# Halo-TV-Serie von Steven Spielberg wird weiter produziert - Cast ist bekannt



## PCGH-Redaktion (12. November 2019)

Jetzt ist Ihre Meinung gefragt zu *Halo-TV-Serie von Steven Spielberg wird weiter produziert - Cast ist bekannt*

						Der amerikanische Kabelsender Showtime arbeitet weiterhin an der Halo-Serie. Diese wird von Starregisseur Steven Spielberg produziert. Nun hat das Team den Cast vorgestellt. Bis die TV-Serie zu Halo über den Bildschirm flimmern wird, dauert es aber noch. 

						Bitte beachten Sie: Der Kommentarbereich wird gemäß der Forenregeln moderiert. Allgemeine Fragen und Kritik zu Online-Artikeln von PC Games Hardware sind im Feedback-Unterforum zu veröffentlichen und nicht im Kommentarthread zu einer News. Dort werden sie ohne Nachfragen entfernt.




			Dieser Inhalt steht nur eingeloggten Mitgliedern zur Verfügung.
        

 Zurück zum Artikel: *Halo-TV-Serie von Steven Spielberg wird weiter produziert - Cast ist bekannt*


----------



## RyzA (12. November 2019)

Ich muß mich outen das ich die Spiele noch nie gespielt habe.
Aber das Setting ist interessant.
Da ich SciFi-Fan bin.


----------



## Zuriko (12. November 2019)

Hätte da lieber einen Kinofilm, dann könnte man das Budget für fette 120 Minuten verbraten. Halo sieht doch mit abgespecktem Production Design nicht richtig geil aus. Immer dieses Serien verwursteln.
Ich bin ja froh dass Gears of War ein Kinofilm werden soll, auch dort braucht es etwas Kohle damit das glaubwürdig ausschaut. Am Ende wird diese Halo Serie reiner Fan Service. Aber ich lasse mich auch gerne vom Gegenteil überzeugen.


----------



## derneuemann (12. November 2019)

RyzA schrieb:


> Ich muß mich outen das ich die Spiele noch nie gespielt habe.
> Aber das Setting ist interessant.
> Da ich SciFi-Fan bin.



Damals, als die Spiele neu waren fand ich die grandios 

Teil 3 ist fast zur Sucht geworden, für die Stunden der SP Kampagne!
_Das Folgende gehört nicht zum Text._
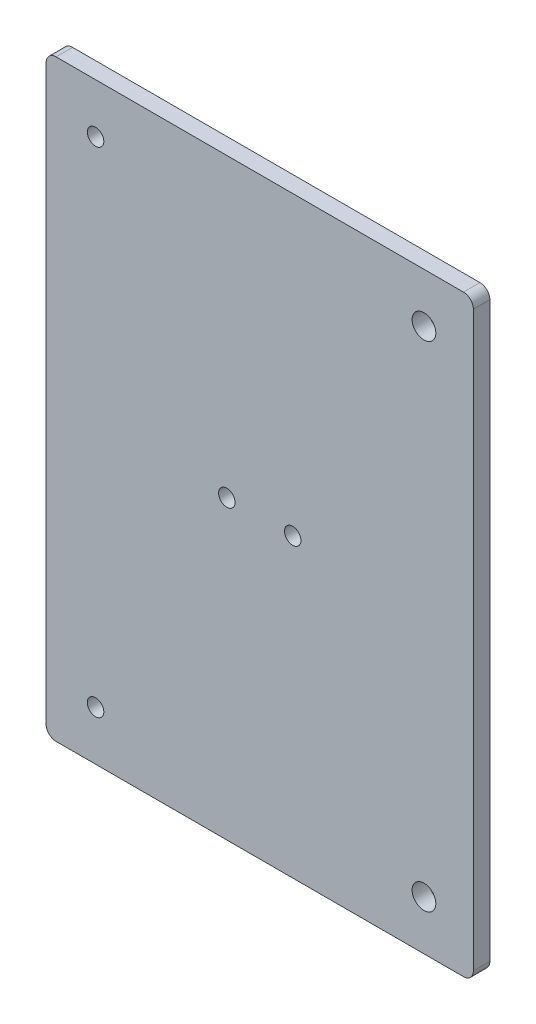
ISO-10303-21;
HEADER;
FILE_DESCRIPTION(('STEP AP214'),'2;1');
FILE_NAME('part.step','',(''),(''),'','','');
FILE_SCHEMA(('AUTOMOTIVE_DESIGN { 1 0 10303 214 1 1 1 1 }'));
ENDSEC;
DATA;
#1=APPLICATION_CONTEXT('core data for automotive mechanical design processes');
#2=APPLICATION_PROTOCOL_DEFINITION('international standard','automotive_design',2000,#1);
#3=PRODUCT_CONTEXT('',#1,'mechanical');
#4=PRODUCT('Part','Part','',(#3));
#5=PRODUCT_RELATED_PRODUCT_CATEGORY('part','',(#4));
#6=PRODUCT_DEFINITION_FORMATION('','',#4);
#7=PRODUCT_DEFINITION_CONTEXT('part definition',#1,'design');
#8=PRODUCT_DEFINITION('design','',#6,#7);
#9=PRODUCT_DEFINITION_SHAPE('','',#8);
#10=(LENGTH_UNIT() NAMED_UNIT(*) SI_UNIT(.MILLI.,.METRE.));
#11=(NAMED_UNIT(*) PLANE_ANGLE_UNIT() SI_UNIT($,.RADIAN.));
#12=(NAMED_UNIT(*) SI_UNIT($,.STERADIAN.) SOLID_ANGLE_UNIT());
#13=UNCERTAINTY_MEASURE_WITH_UNIT(LENGTH_MEASURE(1.E-05),#10,'distance_accuracy_value','');
#14=(GEOMETRIC_REPRESENTATION_CONTEXT(3) GLOBAL_UNCERTAINTY_ASSIGNED_CONTEXT((#13)) GLOBAL_UNIT_ASSIGNED_CONTEXT((#10,
#11,#12)) REPRESENTATION_CONTEXT('',''));
#15=CARTESIAN_POINT('',(0.,0.,0.));
#16=DIRECTION('',(0.,0.,1.));
#17=DIRECTION('',(1.,0.,0.));
#18=AXIS2_PLACEMENT_3D('',#15,#16,#17);
#19=CARTESIAN_POINT('',(0.,0.,5.));
#20=DIRECTION('',(0.,0.,-1.));
#21=DIRECTION('',(-1.,0.,0.));
#22=AXIS2_PLACEMENT_3D('',#19,#20,#21);
#23=PLANE('',#22);
#24=DIRECTION('',(0.,-1.,0.));
#25=VECTOR('',#24,1.);
#26=CARTESIAN_POINT('',(0.,0.,5.));
#27=LINE('',#26,#25);
#28=CARTESIAN_POINT('',(0.,177.,5.));
#29=VERTEX_POINT('',#28);
#30=CARTESIAN_POINT('',(0.,3.,5.));
#31=VERTEX_POINT('',#30);
#32=EDGE_CURVE('E149',#29,#31,#27,.T.);
#33=ORIENTED_EDGE('',*,*,#32,.T.);
#34=CARTESIAN_POINT('',(3.,3.,5.));
#35=DIRECTION('',(0.,0.,-1.));
#36=DIRECTION('',(-1.,0.,0.));
#37=AXIS2_PLACEMENT_3D('',#34,#35,#36);
#38=CIRCLE('',#37,3.);
#39=CARTESIAN_POINT('',(3.,0.,5.));
#40=VERTEX_POINT('',#39);
#41=EDGE_CURVE('E173',#31,#40,#38,.F.);
#42=ORIENTED_EDGE('',*,*,#41,.T.);
#43=DIRECTION('',(1.,0.,0.));
#44=VECTOR('',#43,1.);
#45=CARTESIAN_POINT('',(0.,0.,5.));
#46=LINE('',#45,#44);
#47=CARTESIAN_POINT('',(126.7,0.,5.));
#48=VERTEX_POINT('',#47);
#49=EDGE_CURVE('E126',#40,#48,#46,.T.);
#50=ORIENTED_EDGE('',*,*,#49,.T.);
#51=CARTESIAN_POINT('',(126.7,3.,5.));
#52=DIRECTION('',(0.,0.,-1.));
#53=DIRECTION('',(-1.,0.,0.));
#54=AXIS2_PLACEMENT_3D('',#51,#52,#53);
#55=CIRCLE('',#54,3.);
#56=CARTESIAN_POINT('',(129.7,3.,5.));
#57=VERTEX_POINT('',#56);
#58=EDGE_CURVE('E170',#48,#57,#55,.F.);
#59=ORIENTED_EDGE('',*,*,#58,.T.);
#60=DIRECTION('',(0.,1.,0.));
#61=VECTOR('',#60,1.);
#62=CARTESIAN_POINT('',(129.7,0.,5.));
#63=LINE('',#62,#61);
#64=CARTESIAN_POINT('',(129.7,177.,5.));
#65=VERTEX_POINT('',#64);
#66=EDGE_CURVE('E199',#57,#65,#63,.T.);
#67=ORIENTED_EDGE('',*,*,#66,.T.);
#68=CARTESIAN_POINT('',(126.7,177.,5.));
#69=DIRECTION('',(0.,0.,-1.));
#70=DIRECTION('',(-1.,0.,0.));
#71=AXIS2_PLACEMENT_3D('',#68,#69,#70);
#72=CIRCLE('',#71,3.);
#73=CARTESIAN_POINT('',(126.7,180.,5.));
#74=VERTEX_POINT('',#73);
#75=EDGE_CURVE('E60',#65,#74,#72,.F.);
#76=ORIENTED_EDGE('',*,*,#75,.T.);
#77=DIRECTION('',(-1.,0.,0.));
#78=VECTOR('',#77,1.);
#79=CARTESIAN_POINT('',(0.,180.,5.));
#80=LINE('',#79,#78);
#81=CARTESIAN_POINT('',(3.,180.,5.));
#82=VERTEX_POINT('',#81);
#83=EDGE_CURVE('E151',#74,#82,#80,.T.);
#84=ORIENTED_EDGE('',*,*,#83,.T.);
#85=CARTESIAN_POINT('',(3.,177.,5.));
#86=DIRECTION('',(0.,0.,-1.));
#87=DIRECTION('',(-1.,0.,0.));
#88=AXIS2_PLACEMENT_3D('',#85,#86,#87);
#89=CIRCLE('',#88,3.);
#90=EDGE_CURVE('E167',#82,#29,#89,.F.);
#91=ORIENTED_EDGE('',*,*,#90,.T.);
#92=EDGE_LOOP('',(#33,#42,#50,#59,#67,#76,#84,#91));
#93=FACE_BOUND('',#92,.T.);
#94=CARTESIAN_POINT('',(15.,15.,5.));
#95=DIRECTION('',(0.,0.,1.));
#96=DIRECTION('',(1.,0.,0.));
#97=AXIS2_PLACEMENT_3D('',#94,#95,#96);
#98=CIRCLE('',#97,2.5);
#99=CARTESIAN_POINT('',(17.5,15.,5.));
#100=VERTEX_POINT('',#99);
#101=EDGE_CURVE('E143',#100,#100,#98,.T.);
#102=ORIENTED_EDGE('',*,*,#101,.F.);
#103=EDGE_LOOP('',(#102));
#104=FACE_BOUND('',#103,.T.);
#105=CARTESIAN_POINT('',(15.,165.,5.));
#106=DIRECTION('',(0.,0.,1.));
#107=DIRECTION('',(1.,0.,0.));
#108=AXIS2_PLACEMENT_3D('',#105,#106,#107);
#109=CIRCLE('',#108,2.5);
#110=CARTESIAN_POINT('',(17.5,165.,5.));
#111=VERTEX_POINT('',#110);
#112=EDGE_CURVE('E216',#111,#111,#109,.T.);
#113=ORIENTED_EDGE('',*,*,#112,.F.);
#114=EDGE_LOOP('',(#113));
#115=FACE_BOUND('',#114,.T.);
#116=CARTESIAN_POINT('',(114.7,165.,5.));
#117=DIRECTION('',(0.,0.,1.));
#118=DIRECTION('',(1.,0.,0.));
#119=AXIS2_PLACEMENT_3D('',#116,#117,#118);
#120=CIRCLE('',#119,3.59999999999997);
#121=CARTESIAN_POINT('',(118.3,165.,5.));
#122=VERTEX_POINT('',#121);
#123=EDGE_CURVE('E220',#122,#122,#120,.T.);
#124=ORIENTED_EDGE('',*,*,#123,.F.);
#125=EDGE_LOOP('',(#124));
#126=FACE_BOUND('',#125,.T.);
#127=CARTESIAN_POINT('',(114.7,15.,5.));
#128=DIRECTION('',(0.,0.,1.));
#129=DIRECTION('',(1.,0.,0.));
#130=AXIS2_PLACEMENT_3D('',#127,#128,#129);
#131=CIRCLE('',#130,3.6);
#132=CARTESIAN_POINT('',(118.3,15.,5.));
#133=VERTEX_POINT('',#132);
#134=EDGE_CURVE('E224',#133,#133,#131,.T.);
#135=ORIENTED_EDGE('',*,*,#134,.F.);
#136=EDGE_LOOP('',(#135));
#137=FACE_BOUND('',#136,.T.);
#138=CARTESIAN_POINT('',(74.85,90.,5.));
#139=DIRECTION('',(0.,0.,1.));
#140=DIRECTION('',(1.,0.,0.));
#141=AXIS2_PLACEMENT_3D('',#138,#139,#140);
#142=CIRCLE('',#141,2.5);
#143=CARTESIAN_POINT('',(77.35,90.,5.));
#144=VERTEX_POINT('',#143);
#145=EDGE_CURVE('E228',#144,#144,#142,.T.);
#146=ORIENTED_EDGE('',*,*,#145,.F.);
#147=EDGE_LOOP('',(#146));
#148=FACE_BOUND('',#147,.T.);
#149=CARTESIAN_POINT('',(54.85,90.,5.));
#150=DIRECTION('',(0.,0.,1.));
#151=DIRECTION('',(1.,0.,0.));
#152=AXIS2_PLACEMENT_3D('',#149,#150,#151);
#153=CIRCLE('',#152,2.5);
#154=CARTESIAN_POINT('',(57.35,90.,5.));
#155=VERTEX_POINT('',#154);
#156=EDGE_CURVE('E231',#155,#155,#153,.T.);
#157=ORIENTED_EDGE('',*,*,#156,.F.);
#158=EDGE_LOOP('',(#157));
#159=FACE_BOUND('',#158,.T.);
#160=ADVANCED_FACE('F39',(#93,#104,#115,#126,#137,#148,#159),#23,.F.);
#161=CARTESIAN_POINT('',(0.,0.,0.));
#162=DIRECTION('',(0.,0.,-1.));
#163=DIRECTION('',(-1.,0.,0.));
#164=AXIS2_PLACEMENT_3D('',#161,#162,#163);
#165=PLANE('',#164);
#166=CARTESIAN_POINT('',(74.85,90.,0.));
#167=DIRECTION('',(0.,0.,1.));
#168=DIRECTION('',(1.,0.,0.));
#169=AXIS2_PLACEMENT_3D('',#166,#167,#168);
#170=CIRCLE('',#169,2.5);
#171=CARTESIAN_POINT('',(77.35,90.,0.));
#172=VERTEX_POINT('',#171);
#173=EDGE_CURVE('E234',#172,#172,#170,.T.);
#174=ORIENTED_EDGE('',*,*,#173,.T.);
#175=EDGE_LOOP('',(#174));
#176=FACE_BOUND('',#175,.T.);
#177=CARTESIAN_POINT('',(114.7,165.,0.));
#178=DIRECTION('',(0.,0.,1.));
#179=DIRECTION('',(1.,0.,0.));
#180=AXIS2_PLACEMENT_3D('',#177,#178,#179);
#181=CIRCLE('',#180,3.59999999999997);
#182=CARTESIAN_POINT('',(118.3,165.,0.));
#183=VERTEX_POINT('',#182);
#184=EDGE_CURVE('E249',#183,#183,#181,.T.);
#185=ORIENTED_EDGE('',*,*,#184,.T.);
#186=EDGE_LOOP('',(#185));
#187=FACE_BOUND('',#186,.T.);
#188=CARTESIAN_POINT('',(15.,15.,0.));
#189=DIRECTION('',(0.,0.,1.));
#190=DIRECTION('',(1.,0.,0.));
#191=AXIS2_PLACEMENT_3D('',#188,#189,#190);
#192=CIRCLE('',#191,2.5);
#193=CARTESIAN_POINT('',(17.5,15.,0.));
#194=VERTEX_POINT('',#193);
#195=EDGE_CURVE('E202',#194,#194,#192,.T.);
#196=ORIENTED_EDGE('',*,*,#195,.T.);
#197=EDGE_LOOP('',(#196));
#198=FACE_BOUND('',#197,.T.);
#199=DIRECTION('',(1.,0.,0.));
#200=VECTOR('',#199,1.);
#201=CARTESIAN_POINT('',(0.,0.,0.));
#202=LINE('',#201,#200);
#203=CARTESIAN_POINT('',(3.,0.,0.));
#204=VERTEX_POINT('',#203);
#205=CARTESIAN_POINT('',(126.7,0.,0.));
#206=VERTEX_POINT('',#205);
#207=EDGE_CURVE('E123',#204,#206,#202,.T.);
#208=ORIENTED_EDGE('',*,*,#207,.F.);
#209=CARTESIAN_POINT('',(3.,3.,0.));
#210=DIRECTION('',(0.,0.,-1.));
#211=DIRECTION('',(-1.,0.,0.));
#212=AXIS2_PLACEMENT_3D('',#209,#210,#211);
#213=CIRCLE('',#212,3.);
#214=CARTESIAN_POINT('',(0.,3.,0.));
#215=VERTEX_POINT('',#214);
#216=EDGE_CURVE('E105',#204,#215,#213,.T.);
#217=ORIENTED_EDGE('',*,*,#216,.T.);
#218=DIRECTION('',(0.,-1.,0.));
#219=VECTOR('',#218,1.);
#220=CARTESIAN_POINT('',(0.,0.,0.));
#221=LINE('',#220,#219);
#222=CARTESIAN_POINT('',(0.,177.,0.));
#223=VERTEX_POINT('',#222);
#224=EDGE_CURVE('E136',#223,#215,#221,.T.);
#225=ORIENTED_EDGE('',*,*,#224,.F.);
#226=CARTESIAN_POINT('',(3.,177.,0.));
#227=DIRECTION('',(0.,0.,-1.));
#228=DIRECTION('',(-1.,0.,0.));
#229=AXIS2_PLACEMENT_3D('',#226,#227,#228);
#230=CIRCLE('',#229,3.);
#231=CARTESIAN_POINT('',(3.,180.,0.));
#232=VERTEX_POINT('',#231);
#233=EDGE_CURVE('E155',#223,#232,#230,.T.);
#234=ORIENTED_EDGE('',*,*,#233,.T.);
#235=DIRECTION('',(-1.,0.,0.));
#236=VECTOR('',#235,1.);
#237=CARTESIAN_POINT('',(0.,180.,0.));
#238=LINE('',#237,#236);
#239=CARTESIAN_POINT('',(126.7,180.,0.));
#240=VERTEX_POINT('',#239);
#241=EDGE_CURVE('E141',#240,#232,#238,.T.);
#242=ORIENTED_EDGE('',*,*,#241,.F.);
#243=CARTESIAN_POINT('',(126.7,177.,0.));
#244=DIRECTION('',(0.,0.,-1.));
#245=DIRECTION('',(-1.,0.,0.));
#246=AXIS2_PLACEMENT_3D('',#243,#244,#245);
#247=CIRCLE('',#246,3.);
#248=CARTESIAN_POINT('',(129.7,177.,0.));
#249=VERTEX_POINT('',#248);
#250=EDGE_CURVE('E128',#240,#249,#247,.T.);
#251=ORIENTED_EDGE('',*,*,#250,.T.);
#252=DIRECTION('',(0.,1.,0.));
#253=VECTOR('',#252,1.);
#254=CARTESIAN_POINT('',(129.7,0.,0.));
#255=LINE('',#254,#253);
#256=CARTESIAN_POINT('',(129.7,3.,0.));
#257=VERTEX_POINT('',#256);
#258=EDGE_CURVE('E135',#257,#249,#255,.T.);
#259=ORIENTED_EDGE('',*,*,#258,.F.);
#260=CARTESIAN_POINT('',(126.7,3.,0.));
#261=DIRECTION('',(0.,0.,-1.));
#262=DIRECTION('',(-1.,0.,0.));
#263=AXIS2_PLACEMENT_3D('',#260,#261,#262);
#264=CIRCLE('',#263,3.);
#265=EDGE_CURVE('E117',#257,#206,#264,.T.);
#266=ORIENTED_EDGE('',*,*,#265,.T.);
#267=EDGE_LOOP('',(#208,#217,#225,#234,#242,#251,#259,#266));
#268=FACE_BOUND('',#267,.T.);
#269=CARTESIAN_POINT('',(15.,165.,0.));
#270=DIRECTION('',(0.,0.,1.));
#271=DIRECTION('',(1.,0.,0.));
#272=AXIS2_PLACEMENT_3D('',#269,#270,#271);
#273=CIRCLE('',#272,2.5);
#274=CARTESIAN_POINT('',(17.5,165.,0.));
#275=VERTEX_POINT('',#274);
#276=EDGE_CURVE('E255',#275,#275,#273,.T.);
#277=ORIENTED_EDGE('',*,*,#276,.T.);
#278=EDGE_LOOP('',(#277));
#279=FACE_BOUND('',#278,.T.);
#280=CARTESIAN_POINT('',(114.7,15.,0.));
#281=DIRECTION('',(0.,0.,1.));
#282=DIRECTION('',(1.,0.,0.));
#283=AXIS2_PLACEMENT_3D('',#280,#281,#282);
#284=CIRCLE('',#283,3.6);
#285=CARTESIAN_POINT('',(118.3,15.,0.));
#286=VERTEX_POINT('',#285);
#287=EDGE_CURVE('E245',#286,#286,#284,.T.);
#288=ORIENTED_EDGE('',*,*,#287,.T.);
#289=EDGE_LOOP('',(#288));
#290=FACE_BOUND('',#289,.T.);
#291=CARTESIAN_POINT('',(54.85,90.,0.));
#292=DIRECTION('',(0.,0.,1.));
#293=DIRECTION('',(1.,0.,0.));
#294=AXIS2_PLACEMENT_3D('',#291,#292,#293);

Als Sci Fi Fan kein Haol gespielt, wie geht denn sowas


----------



## RyzA (12. November 2019)

derneuemann schrieb:


> Als Sci Fi Fan kein Haol gespielt, wie geht denn sowas


Weil ich noch nie eine XBox besessen habe. Und Kumpels hatten auch alle Playstation.
Soviel ich weiß soll ja Halo auch für den PC kommen.
Oder gibt es das schon dafür?


----------



## fipS09 (12. November 2019)

RyzA schrieb:


> Weil ich noch nie eine XBox besessen habe. Und Kumpels hatten auch alle Playstation.
> Soviel ich weiß soll ja Halo auch für den PC kommen.
> Oder gibt es das schon dafür?



Gibt die PC Version von 1 glaube ich. "Soon" soll aber die Masterchief Collection erscheinen: Halo: The Master Chief Collection on Steam


----------



## xDave78 (12. November 2019)

Also sorry, ich bin sicherlich der letzte der eigentlich Name-Bashing betreiben sollte - aber "Otto Brathurst" ist schon ziemlich episch 

Sollte nicht vor um 2007 rum schonmal eine Halo Serie kommen mit dem damals unbekannten J.J. Abrams im Stuhl?


----------



## derneuemann (12. November 2019)

fipS09 schrieb:


> Gibt die PC Version von 1 glaube ich. "Soon" soll aber die Masterchief Collection erscheinen: Halo: The Master Chief Collection on Steam



Genau so ist es


----------



## majinvegeta20 (13. November 2019)

fipS09 schrieb:


> Gibt die PC Version von 1 glaube ich. "Soon" soll aber die Masterchief Collection erscheinen: Halo: The Master Chief Collection on Steam



Teil 1 und 2 kamen für den PC. 
Hab die Collection dank Game Pass und günstig gebrauchter Xbox One S nun nachholen können.


----------



## empy (13. November 2019)

fipS09 schrieb:


> Gibt die PC Version von 1 glaube ich. "Soon" soll aber die Masterchief Collection erscheinen: Halo: The Master Chief Collection on Steam



Auf die werde ich auch warten.


----------